Experimental Example 3. Confirmation of Phagocytosis Ability of Induced Monocyte Progenitor Cells

[0084] To confirm whether the monocyte progenitor cells induced according to Experimental Example 1 have the phagocytosis ability, which is a typical characteristic of immune cells, the cell culture medium was treated with green fluorescently labeled latex beads, and whether the beads are introduced into the cytoplasm through phagocytosis was confirmed with a fluorescence microscope, and the results thereof are illustrated in FIG. 4.

[0085] As illustrated in FIG. 4, green beads were introduced into the cytoplasm of the induced monocyte progenitor cells, through which it was confirmed that the induced monocyte progenitor cells had the ability to phagocytize foreign substances.

Experimental Example 4. Confirmation of Immune Response of Induced Monocyte Progenitor Cells

[0086] Monocyte progenitor cells are immune cells and are activated as M1 macrophages that cause an inflammatory response by foreign substances or pathogens or M2 macrophages that have anti-inflammatory action. To confirm the immune response of the monocyte progenitor cells induced according to Experimental Example 1, the induced monocyte progenitor cells were activated by treatment with each of the immune response inducers LPS, IL-4, TGFb1 and IFN-gamma or a combination thereof, and then the morphology of the cell was observed, the expression levels of immune response-related genes were confirmed using the method described in Example 4 through real-time RT-PCR analysis, and the results thereof are illustrated in FIG. 5.

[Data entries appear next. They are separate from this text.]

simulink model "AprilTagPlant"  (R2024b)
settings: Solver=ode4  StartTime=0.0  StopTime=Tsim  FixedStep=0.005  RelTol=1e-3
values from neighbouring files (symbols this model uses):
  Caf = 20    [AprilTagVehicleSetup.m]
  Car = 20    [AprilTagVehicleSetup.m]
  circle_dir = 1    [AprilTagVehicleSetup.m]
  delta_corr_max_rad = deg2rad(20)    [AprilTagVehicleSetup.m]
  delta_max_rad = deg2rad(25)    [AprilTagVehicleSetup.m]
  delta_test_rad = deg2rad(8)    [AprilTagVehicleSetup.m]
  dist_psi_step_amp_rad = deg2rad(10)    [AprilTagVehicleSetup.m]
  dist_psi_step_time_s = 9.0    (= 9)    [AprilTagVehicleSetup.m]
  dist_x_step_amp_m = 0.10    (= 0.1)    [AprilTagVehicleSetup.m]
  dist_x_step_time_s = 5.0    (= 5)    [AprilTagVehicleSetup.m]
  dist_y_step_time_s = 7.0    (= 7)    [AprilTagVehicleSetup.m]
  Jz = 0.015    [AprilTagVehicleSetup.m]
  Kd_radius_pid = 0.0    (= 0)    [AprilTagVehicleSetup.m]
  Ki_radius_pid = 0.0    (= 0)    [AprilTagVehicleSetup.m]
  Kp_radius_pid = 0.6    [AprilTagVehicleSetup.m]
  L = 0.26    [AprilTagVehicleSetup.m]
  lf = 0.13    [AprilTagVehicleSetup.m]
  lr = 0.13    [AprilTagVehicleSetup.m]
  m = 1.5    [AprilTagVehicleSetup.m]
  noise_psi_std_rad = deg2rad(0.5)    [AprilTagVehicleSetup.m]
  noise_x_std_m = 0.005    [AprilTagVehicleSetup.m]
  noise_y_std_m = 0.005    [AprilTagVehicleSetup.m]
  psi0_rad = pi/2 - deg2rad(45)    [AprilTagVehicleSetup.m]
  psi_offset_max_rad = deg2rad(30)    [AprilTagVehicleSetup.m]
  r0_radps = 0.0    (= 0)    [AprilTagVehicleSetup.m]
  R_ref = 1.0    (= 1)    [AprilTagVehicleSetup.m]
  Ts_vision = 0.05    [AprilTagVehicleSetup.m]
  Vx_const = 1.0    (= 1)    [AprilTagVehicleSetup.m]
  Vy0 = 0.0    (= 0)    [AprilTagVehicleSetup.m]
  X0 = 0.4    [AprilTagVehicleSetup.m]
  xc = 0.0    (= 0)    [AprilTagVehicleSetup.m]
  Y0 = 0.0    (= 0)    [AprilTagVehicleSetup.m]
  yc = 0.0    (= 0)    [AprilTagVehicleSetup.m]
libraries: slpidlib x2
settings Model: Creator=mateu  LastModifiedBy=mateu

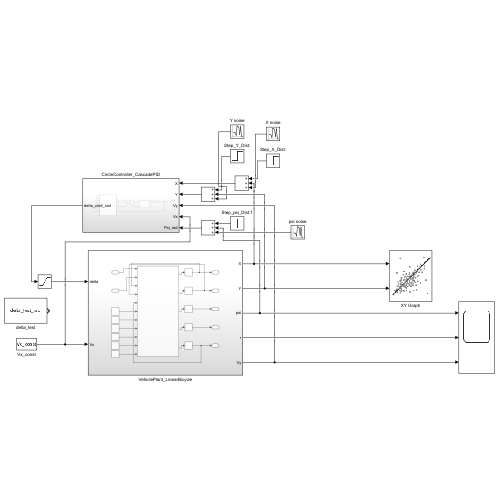
[thumbnail: Simulink's stored preview of the top-level diagram]
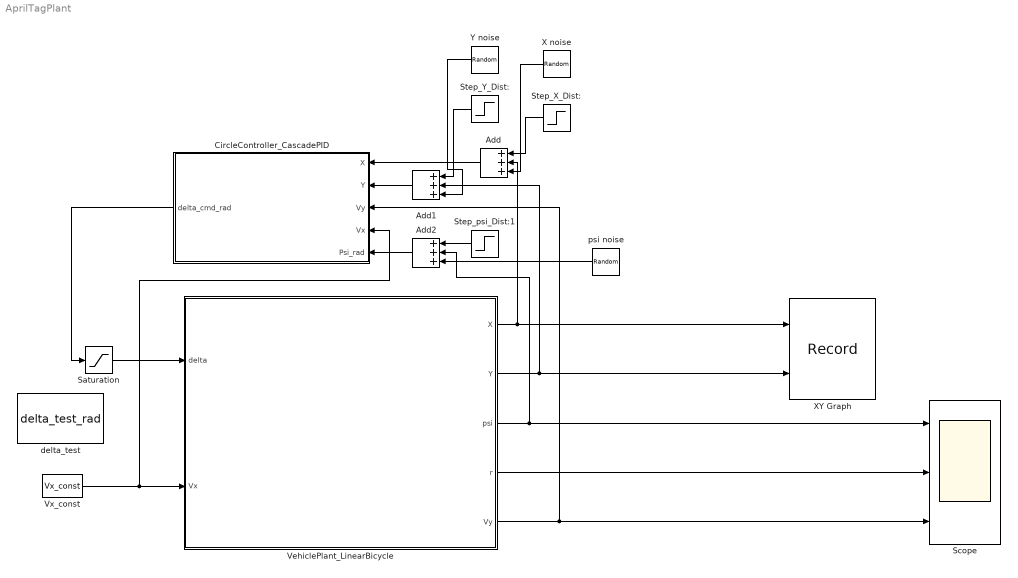
== system AprilTagPlant ==
  Add : Sum  Inputs=+++
  Add1 : Sum  Inputs=+++
  Add2 : Sum  Inputs=+++
  CircleController_CascadePID : Subsystem
  Saturation : Saturate  UpperLimit=delta_max_rad  LowerLimit=-delta_max_rad
  Scope : Scope  NumInputPorts=3
  Step_X_Dist: : Step  Time=dist_x_step_time_s  After=dist_x_step_amp_m  SampleTime=0
  Step_Y_Dist: : Step  Time=dist_y_step_time_s  After=dist_x_step_amp_m  SampleTime=0
  Step_psi_Dist:1 : Step  Time=dist_psi_step_time_s  After=dist_psi_step_amp_rad  SampleTime=0
  VehiclePlant_LinearBicycle : Subsystem
  Vx_const : Constant  Value=Vx_const
  X noise : RandomNumber  Variance=noise_x_std_m  SampleTime=Ts_vision
  XY Graph : Record  FileSettingsInternal="{\"entries\":[{\"content\":{\"excelSettings\":{\"content\":{},\"type\":\"Streamout.ExcelSettings\"}},\"type\":\"Streamout.FileSettingStorage\",\"uuid\":\"\"}],\"packageUris\":[\"http:\\/\\/schema.mathworks.com\\/mf0\\/streamout_blocks\\/R2020a\"],\"version\":\"1.0\"}"  Layout=[1 1]  SignalsInternal="{\"entries\":[{\"content\":{\"signals\":[{\"content\":{\"blockPath\":[],\"dimensions\":[1],\"domain\":\"\",\"lineColor\":\"#a2142f\",\"plots\":[ 1 ],\"port\":1,\"sid\":[\"\"],\"signalID\":1,\"signalName\":\"VehiclePlant_LinearBicycle:1\"},\"type\":\"RecordBlkView.Signal\",\"uuid\":\"\"},{\"content\":{\"blockPath\":[],\"dimensions\":[1],\"domain\":\"\",\"lineColor\":\"#139fff\",\"plots\":[ 1 ],\"port\":2,\"sid\":[\"\"],\"signalID\":2,\"signalName\":\"VehiclePlant_LinearBicycle:2\"},\"type\":\"RecordBlkView.Signal\",\"uuid\":\"\"}]},\"type\":\"RecordBlkView.InputSignals\",\"uuid\":\"\"}],\"packageUris\":[\"http:\\/\\/schema.mathworks.com\\/mf0\\/streamout_blocks\\/R2020a\"],\"version\":\"1.0\"}"  VisualizationBindings="{\"xyplotplugin\":{\"info\":[{\"series\":[{\"bindingParametersList\":[{\"parameter\":\"X-Axis\",\"signalID\":1,\"signalName\":\"VehiclePlant_LinearBicycle:1\"},{\"parameter\":\"Y-Axis\",\"signalID\":2,\"signalName\":\"VehiclePlant_LinearBicycle:2\"}],\"seriesID\":0}],\"subplotID\":1}]}}"  CompatibilityTag=XY
  Y noise : RandomNumber  Variance=noise_y_std_m  SampleTime=Ts_vision
  delta_test : Constant  Value=delta_test_rad
  psi noise : RandomNumber  Variance=noise_psi_std_rad  SampleTime=Ts_vision
  wires:
  Vx_const/1 -> CircleController_CascadePID/4(Vx), VehiclePlant_LinearBicycle/2(Vx)
  Saturation/1 -> VehiclePlant_LinearBicycle/1(delta)
  VehiclePlant_LinearBicycle/1(X) -> Add/2, XY Graph/1
  VehiclePlant_LinearBicycle/5(Vy) -> CircleController_CascadePID/3(Vy), Scope/3
  VehiclePlant_LinearBicycle/4(r) -> Scope/2
  VehiclePlant_LinearBicycle/3(psi) -> Add2/2, Scope/1
  VehiclePlant_LinearBicycle/2(Y) -> Add1/2, XY Graph/2
  CircleController_CascadePID/1(delta_cmd_rad) -> Saturation/1
  Step_X_Dist:/1 -> Add/1
  Add/1 -> CircleController_CascadePID/1(X)
  Add1/1 -> CircleController_CascadePID/2(Y)
  Step_Y_Dist:/1 -> Add1/1
  Step_psi_Dist:1/1 -> Add2/1
  Add2/1 -> CircleController_CascadePID/5(Psi_rad)
  X noise/1 -> Add/3
  Y noise/1 -> Add1/3
  psi noise/1 -> Add2/3

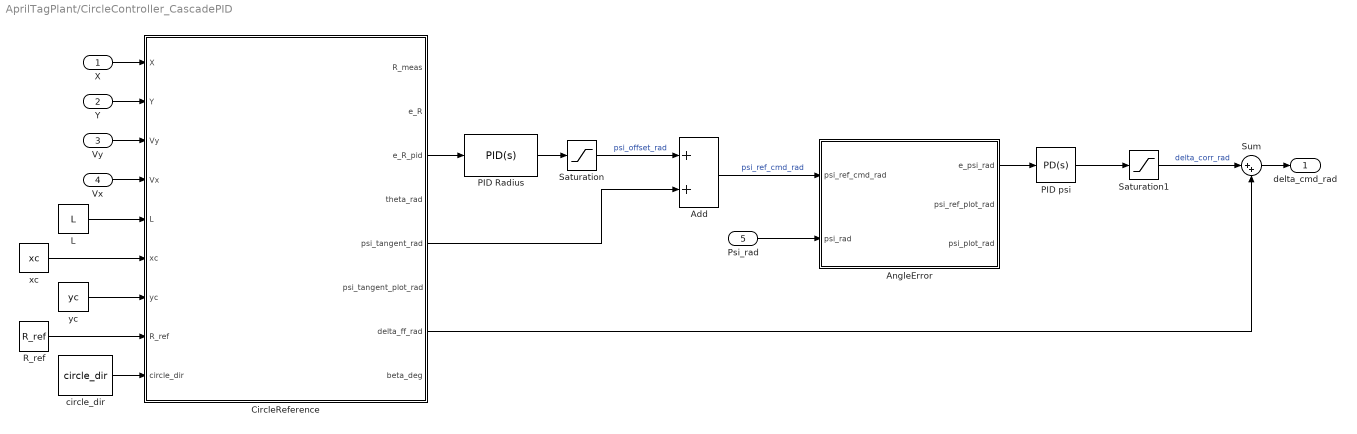
== system AprilTagPlant/CircleController_CascadePID ==
  X : Inport
  Y : Inport  Port=2
  Vy : Inport  Port=3
  Vx : Inport  Port=4
  Psi_rad : Inport  Port=5
  Add : Sum
  AngleError : MATLAB Function  TreatAsAtomicUnit=on
  CircleReference : MATLAB Function  TreatAsAtomicUnit=on
  L : Constant  Value=L
  PID Radius : slpidlib/PID Controller  Controller=PID  Form=Parallel  TimeDomain=Continuous-time  UseExternalTs=off  SampleTime=-1  IntegratorMethod=Forward Euler  FilterMethod=Forward Euler  ControllerParametersSource=internal  P=Kp_radius_pid  I=Ki_radius_pid  UseKiTs=off  D=Kd_radius_pid  UseExternalDerivativeSource=off  N=171.856773592637  UseFilter=on  TunerSelectOption=Transfer Function Based (PID Tuner App)  InitialConditionSource=internal  InitialConditionForIntegrator=0  InitialConditionForFilter=0  DifferentiatorICPrevScaledInput=0  ExternalReset=none  TrackingMode=off  Kt=1  LimitOutput=off  SatLimitsSource=internal  UpperSaturationLimit=inf  LowerSaturationLimit=-inf  LinearizeAsGain=on  AntiWindupMode=none  Kb=1  LimitIntegrator=off  UpperIntegratorSaturationLimit=inf  LowerIntegratorSaturationLimit=-inf  POutMin=[]  POutMax=[]  IOutMin=[]  IOutMax=[]  DOutMin=[]  DOutMax=[]  NOutMin=[]  NOutMax=[]  SumOutMin=[]  SumOutMax=[]  SaturationOutMin=[]  SaturationOutMax=[]  PParamMin=[]  PParamMax=[]  IParamMin=[]  IParamMax=[]  DParamMin=[]  DParamMax=[]  NParamMin=[]  NParamMax=[]  KbParamMin=[]  KbParamMax=[]  KtParamMin=[]  KtParamMax=[]  KbOutMin=[]  KbOutMax=[]  KtOutMin=[]  KtOutMax=[]  IntegratorOutMin=[]  IntegratorOutMax=[]  FilterOutMin=[]  FilterOutMax=[]  SumI1OutMin=[]  SumI1OutMax=[]  SumI2OutMin=[]  SumI2OutMax=[]  SumI3OutMin=[]  SumI3OutMax=[]  SumI4OutMin=[]  SumI4OutMax=[]  SumDOutMin=[]  SumDOutMax=[]  DifferentiatorOutMin=[]  DifferentiatorOutMax=[]  FilterDiffOutCoefMin=[]  FilterDiffOutCoefMax=[]  ReciprocalOutMin=[]  ReciprocalOutMax=[]  SumDenOutMin=[]  SumDenOutMax=[]  SumNumOutMin=[]  SumNumOutMax=[]  DivideOutMin=[]  DivideOutMax=[]  UdiffTsProdOutMin=[]  UdiffTsProdOutMax=[]  NTsProdOutMin=[]  NTsProdOutMax=[]  UintegralTsProdOutMin=[]  UintegralTsProdOutMax=[]  UngainTsProdOutMin=[]  UngainTsProdOutMax=[]  ClampingZeroOutDataTypeStr=Inherit: Inherit via back propagation  ClampingZeroOutMin=[]  ClampingZeroOutMax=[]  FilterDenConstantOutDataTypeStr=Inherit: Inherit via back propagation  FilterDenConstantOutMin=[]  FilterDenConstantOutMax=[]  PCopyOutDataTypeStr=Inherit: Inherit via back propagation  PCopyOutMin=[]  PCopyOutMax=[]  NCopyOutDataTypeStr=Inherit: Inherit via back propagation  NCopyOutMin=[]  NCopyOutMax=[]  IntegratorContinuousStateAttributes=''  IntegratorStateMustResolveToSignalObject=off  IntegratorRTWStateStorageClass=Auto  FilterContinuousStateAttributes=''  FilterStateMustResolveToSignalObject=off  FilterRTWStateStorageClass=Auto  ParallelPVariant=InternalParameters  IdealPVariant=Disabled  IVariant=InternalParameters  DVariant=InternalParameters  IntegratorVariant=Continuous  SatVariant=Disabled  AWVariant=Passthrough  PCopyVariant=Disabled  TRVariant=Disabled  FdbkBlocksVariant=Forward  IdealPFdbkVariant=Disabled  SatFdbkVariant=Disabled  DerivativeFilterVariant=ContFilter  NVariant=InternalParameters  NCopyVariant=Disabled  FilterICVariant=InternalICsFilter  IntegratorICVariant=InternalICs  ExternalResetVariant=Disabled  TRSumVariant=Passthrough  SumFdbkVariant=Disabled  SumVariant=Sum_PID  TsampFilterVariant=InternalTs  TsampNgainVariant=Passthrough  TsampIntegralVariant=Disabled_SignalSpec  ExternalSaturationOutDataTypeStr=Inherit: Same as second input  DerivativeSourceVariant=ErrorSignal  PreIntVariant=InternalPreInt
  PID psi : slpidlib/PID Controller  Controller=PD  Form=Parallel  TimeDomain=Continuous-time  UseExternalTs=off  SampleTime=-1  IntegratorMethod=Forward Euler  FilterMethod=Forward Euler  ControllerParametersSource=internal  P=-0.003865119901942  I=0  UseKiTs=off  D=-0.274008651407663  UseExternalDerivativeSource=off  N=184.215923888363  UseFilter=on  TunerSelectOption=Transfer Function Based (PID Tuner App)  InitialConditionSource=internal  InitialConditionForIntegrator=0  InitialConditionForFilter=0  DifferentiatorICPrevScaledInput=0  ExternalReset=none  TrackingMode=off  Kt=1  LimitOutput=off  SatLimitsSource=internal  UpperSaturationLimit=inf  LowerSaturationLimit=-inf  LinearizeAsGain=on  AntiWindupMode=none  Kb=1  LimitIntegrator=off  UpperIntegratorSaturationLimit=inf  LowerIntegratorSaturationLimit=-inf  POutMin=[]  POutMax=[]  IOutMin=[]  IOutMax=[]  DOutMin=[]  DOutMax=[]  NOutMin=[]  NOutMax=[]  SumOutMin=[]  SumOutMax=[]  SaturationOutMin=[]  SaturationOutMax=[]  PParamMin=[]  PParamMax=[]  IParamMin=[]  IParamMax=[]  DParamMin=[]  DParamMax=[]  NParamMin=[]  NParamMax=[]  KbParamMin=[]  KbParamMax=[]  KtParamMin=[]  KtParamMax=[]  KbOutMin=[]  KbOutMax=[]  KtOutMin=[]  KtOutMax=[]  IntegratorOutMin=[]  IntegratorOutMax=[]  FilterOutMin=[]  FilterOutMax=[]  SumI1OutMin=[]  SumI1OutMax=[]  SumI2OutMin=[]  SumI2OutMax=[]  SumI3OutMin=[]  SumI3OutMax=[]  SumI4OutMin=[]  SumI4OutMax=[]  SumDOutMin=[]  SumDOutMax=[]  DifferentiatorOutMin=[]  DifferentiatorOutMax=[]  FilterDiffOutCoefMin=[]  FilterDiffOutCoefMax=[]  ReciprocalOutMin=[]  ReciprocalOutMax=[]  SumDenOutMin=[]  SumDenOutMax=[]  SumNumOutMin=[]  SumNumOutMax=[]  DivideOutMin=[]  DivideOutMax=[]  UdiffTsProdOutMin=[]  UdiffTsProdOutMax=[]  NTsProdOutMin=[]  NTsProdOutMax=[]  UintegralTsProdOutMin=[]  UintegralTsProdOutMax=[]  UngainTsProdOutMin=[]  UngainTsProdOutMax=[]  ClampingZeroOutDataTypeStr=Inherit: Inherit via back propagation  ClampingZeroOutMin=[]  ClampingZeroOutMax=[]  FilterDenConstantOutDataTypeStr=Inherit: Inherit via back propagation  FilterDenConstantOutMin=[]  FilterDenConstantOutMax=[]  PCopyOutDataTypeStr=Inherit: Inherit via back propagation  PCopyOutMin=[]  PCopyOutMax=[]  NCopyOutDataTypeStr=Inherit: Inherit via back propagation  NCopyOutMin=[]  NCopyOutMax=[]  IntegratorContinuousStateAttributes=''  IntegratorStateMustResolveToSignalObject=off  IntegratorRTWStateStorageClass=Auto  FilterContinuousStateAttributes=''  FilterStateMustResolveToSignalObject=off  FilterRTWStateStorageClass=Auto  ParallelPVariant=InternalParameters  IdealPVariant=Disabled  IVariant=Disabled  DVariant=InternalParameters  IntegratorVariant=Disabled  SatVariant=Disabled  AWVariant=Disabled  PCopyVariant=Disabled  TRVariant=Disabled  FdbkBlocksVariant=Forward  IdealPFdbkVariant=Disabled  SatFdbkVariant=Disabled  DerivativeFilterVariant=ContFilter  NVariant=InternalParameters  NCopyVariant=Disabled  FilterICVariant=InternalICsFilter  IntegratorICVariant=Disabled  ExternalResetVariant=Disabled  TRSumVariant=Passthrough  SumFdbkVariant=Disabled  SumVariant=Sum_PD  TsampFilterVariant=InternalTs  TsampNgainVariant=Passthrough  TsampIntegralVariant=Disabled_SignalSpec  ExternalSaturationOutDataTypeStr=Inherit: Same as second input  DerivativeSourceVariant=ErrorSignal  PreIntVariant=InternalPreInt
  R_ref : Constant  Value=R_ref
  Saturation : Saturate  UpperLimit=psi_offset_max_rad  LowerLimit=-psi_offset_max_rad
  Saturation1 : Saturate  UpperLimit=delta_corr_max_rad  LowerLimit=-delta_corr_max_rad
  Sum : Sum  Inputs=|++
  circle_dir : Constant  Value=circle_dir
  xc : Constant  Value=xc
  yc : Constant  Value=yc
  delta_cmd_rad : Outport
  wires:
  X/1 -> CircleReference/1(X)
  Y/1 -> CircleReference/2(Y)
  Vy/1 -> CircleReference/3(Vy)
  Vx/1 -> CircleReference/4(Vx)
  yc/1 -> CircleReference/7(yc)
  R_ref/1 -> CircleReference/8(R_ref)
  circle_dir/1 -> CircleReference/9(circle_dir)
  L/1 -> CircleReference/5(L)
  xc/1 -> CircleReference/6(xc)
  CircleReference/3(e_R_pid) -> PID Radius/1
  PID Radius/1 -> Saturation/1
  Saturation/1 -> Add/1  "psi_offset_rad"
  CircleReference/5(psi_tangent_rad) -> Add/2
  Add/1 -> AngleError/1(psi_ref_cmd_rad)  "psi_ref_cmd_rad"
  Psi_rad/1 -> AngleError/2(psi_rad)
  AngleError/1(e_psi_rad) -> PID psi/1
  PID psi/1 -> Saturation1/1
  Saturation1/1 -> Sum/1  "delta_corr_rad"
  Sum/1 -> delta_cmd_rad/1
  CircleReference/7(delta_ff_rad) -> Sum/2

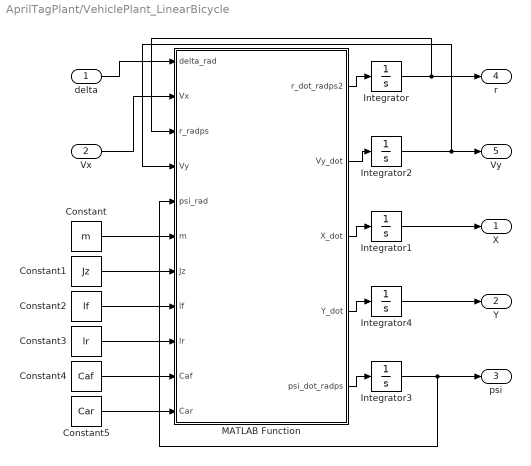
== system AprilTagPlant/VehiclePlant_LinearBicycle ==
  delta : Inport
  Vx : Inport  Port=2
  Constant : Constant  Value=m
  Constant1 : Constant  Value=Jz
  Constant2 : Constant  Value=lf
  Constant3 : Constant  Value=lr
  Constant4 : Constant  Value=Caf
  Constant5 : Constant  Value=Car
  Integrator : Integrator  InitialCondition=r0_radps
  Integrator1 : Integrator  InitialCondition=X0
  Integrator2 : Integrator  InitialCondition=Vy0
  Integrator3 : Integrator  InitialCondition=psi0_rad
  Integrator4 : Integrator  InitialCondition=Y0
  MATLAB Function : MATLAB Function  TreatAsAtomicUnit=on
  X : Outport
  Y : Outport  Port=2
  psi : Outport  Port=3
  r : Outport  Port=4
  Vy : Outport  Port=5
  wires:
  MATLAB Function/4(Y_dot) -> Integrator4/1
  MATLAB Function/1(r_dot_radps2) -> Integrator/1
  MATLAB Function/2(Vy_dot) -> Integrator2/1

[0087] As illustrated in FIG. 5, it was confirmed that the activated monocyte progenitor cells exhibited the flat amoeba-shaped or rod-shaped cell morphology characteristic of phagocytic cells, and the expression of genes involved in inflammation or anti-inflammatory action was increased.

Experimental Example 5. Confirmation of In-Vivo Immune Disease Treatment Effect of Induced Monocyte Progenitor Cells

[0088] To confirm the in-vivo functional characteristics of the monocyte progenitor cells induced according to Experimental Example 1, the induced monocyte progenitor cells were transplanted into mice of the inflammatory bowel disease animal model produced in Example 5, changes in survival rate and body weight of the mice were analyzed, and the results thereof are illustrated in FIG. 6.

[0089] As illustrated in FIG. 6, it was confirmed that the group transplanted with the induced monocyte progenitor cells exhibited a high survival rate and less weight loss. Disease activity index and maintenance of normal colon length were also improved in the group transplanted with the induced monocyte progenitor cells.